C’est possible, mais il reste la distance du mystère de la foi.
Là aujourd’hui pour moi et pour vous.
C’est pas grand-chose, mais notre cœur veut abolir cette distance.
Et pourtant, certains d’entre nous ont une autre réaction que celle de Paul.
La réaction qui consiste à considérer la foi comme un chemin très élevé pour toucher Dieu.

Vous voyez frères et sœurs, il y a ceux qui sont fermés sur eux-mêmes: le monde. À l’extrême opposé, il y a ceux qui n’attendent qu’une chose : qu’il n’y ait plus aucune distance pour vivre l’union à Dieu… les brûlés de l’amour de Dieu.
Ils veulent l’expérience d’être divinisé par le Verbe de lumière infinie .
Et puis, il y a ceux qui vivent cette expérience amoureuse de la connaissance de la foi sans avoir cette confiance absolue de voir Dieu, de le contempler dans la douceur intense de la vie éternelle.
Recevoir Jésus-Christ dans le sacrement de la communion cela peut nous porter déjà à l’extase.

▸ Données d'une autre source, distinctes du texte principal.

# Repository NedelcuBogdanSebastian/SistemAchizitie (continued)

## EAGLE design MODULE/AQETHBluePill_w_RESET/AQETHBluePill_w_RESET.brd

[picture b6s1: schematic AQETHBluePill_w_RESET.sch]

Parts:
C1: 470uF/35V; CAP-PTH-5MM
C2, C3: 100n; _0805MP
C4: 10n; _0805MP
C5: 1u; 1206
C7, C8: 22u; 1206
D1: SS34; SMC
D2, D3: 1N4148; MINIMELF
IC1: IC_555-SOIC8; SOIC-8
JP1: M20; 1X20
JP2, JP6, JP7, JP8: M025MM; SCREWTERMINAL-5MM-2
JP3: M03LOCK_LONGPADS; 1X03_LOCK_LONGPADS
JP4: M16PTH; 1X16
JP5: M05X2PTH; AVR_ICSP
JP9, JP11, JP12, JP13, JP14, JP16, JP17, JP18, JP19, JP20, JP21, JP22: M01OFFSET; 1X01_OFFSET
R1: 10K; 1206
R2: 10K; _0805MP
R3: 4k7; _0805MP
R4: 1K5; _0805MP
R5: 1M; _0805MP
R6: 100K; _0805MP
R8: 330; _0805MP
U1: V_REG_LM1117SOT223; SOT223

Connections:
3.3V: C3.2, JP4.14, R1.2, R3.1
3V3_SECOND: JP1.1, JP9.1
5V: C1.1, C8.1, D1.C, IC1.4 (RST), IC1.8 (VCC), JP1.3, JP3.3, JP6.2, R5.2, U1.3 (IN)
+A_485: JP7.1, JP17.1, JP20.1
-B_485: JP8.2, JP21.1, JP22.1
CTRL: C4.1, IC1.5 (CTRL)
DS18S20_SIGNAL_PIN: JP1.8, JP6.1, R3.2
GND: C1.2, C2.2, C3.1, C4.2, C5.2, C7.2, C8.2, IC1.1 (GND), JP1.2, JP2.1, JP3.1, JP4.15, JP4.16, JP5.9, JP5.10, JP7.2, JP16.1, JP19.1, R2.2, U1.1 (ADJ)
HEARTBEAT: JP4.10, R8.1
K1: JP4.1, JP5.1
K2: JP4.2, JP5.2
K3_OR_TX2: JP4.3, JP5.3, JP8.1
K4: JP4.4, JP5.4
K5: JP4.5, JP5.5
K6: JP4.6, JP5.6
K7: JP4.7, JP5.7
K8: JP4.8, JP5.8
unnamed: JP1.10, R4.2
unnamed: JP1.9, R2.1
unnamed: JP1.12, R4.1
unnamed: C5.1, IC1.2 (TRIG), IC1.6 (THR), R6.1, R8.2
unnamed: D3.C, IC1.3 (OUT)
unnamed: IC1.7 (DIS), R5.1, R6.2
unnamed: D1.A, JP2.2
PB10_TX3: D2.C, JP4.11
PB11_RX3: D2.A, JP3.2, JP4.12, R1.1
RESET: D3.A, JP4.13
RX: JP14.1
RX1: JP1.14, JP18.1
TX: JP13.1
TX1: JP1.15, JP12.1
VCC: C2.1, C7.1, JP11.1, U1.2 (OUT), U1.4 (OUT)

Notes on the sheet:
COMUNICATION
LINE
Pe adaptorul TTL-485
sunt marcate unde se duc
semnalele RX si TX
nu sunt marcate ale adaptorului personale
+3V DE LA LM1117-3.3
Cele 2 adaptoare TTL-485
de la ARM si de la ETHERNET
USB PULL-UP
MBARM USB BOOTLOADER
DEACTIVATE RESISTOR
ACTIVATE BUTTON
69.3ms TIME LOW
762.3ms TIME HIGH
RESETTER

Et l’extase peut suffire à certains.
Et bien non…
L’extase n’est pas encore suffisante.
Elle réclame de contempler la gloire de Dieu.
Pour reprendre l’image de Jésus, il y a le règne de Dieu qui pousse dans l’obscurité de la foi si nous n’y mettons pas obstacle par les désirs du corps et du monde.
Et puis il y a le règne de Dieu qui est au soir de la moisson.
C’est la même vie, la même expérience, avec, ici-bas, tous les oiseaux du ciel, les grâces de Dieu, qui viennent soutenir notre foi.
Au Ciel, nous volerons avec d’autres oiseaux, nous exulterons avec les anges et l’Église entière, pure, ravissante, en son vêtement de grâce, toute harmonieuse en son corps unifié par l’Esprit Saint et le regard de Jésus-Christ.
La foi, la plus petite branche de notre âme, intuition invisible, devenue grand arbre, disparaîtra, pour libérer son fruit éternel de charité.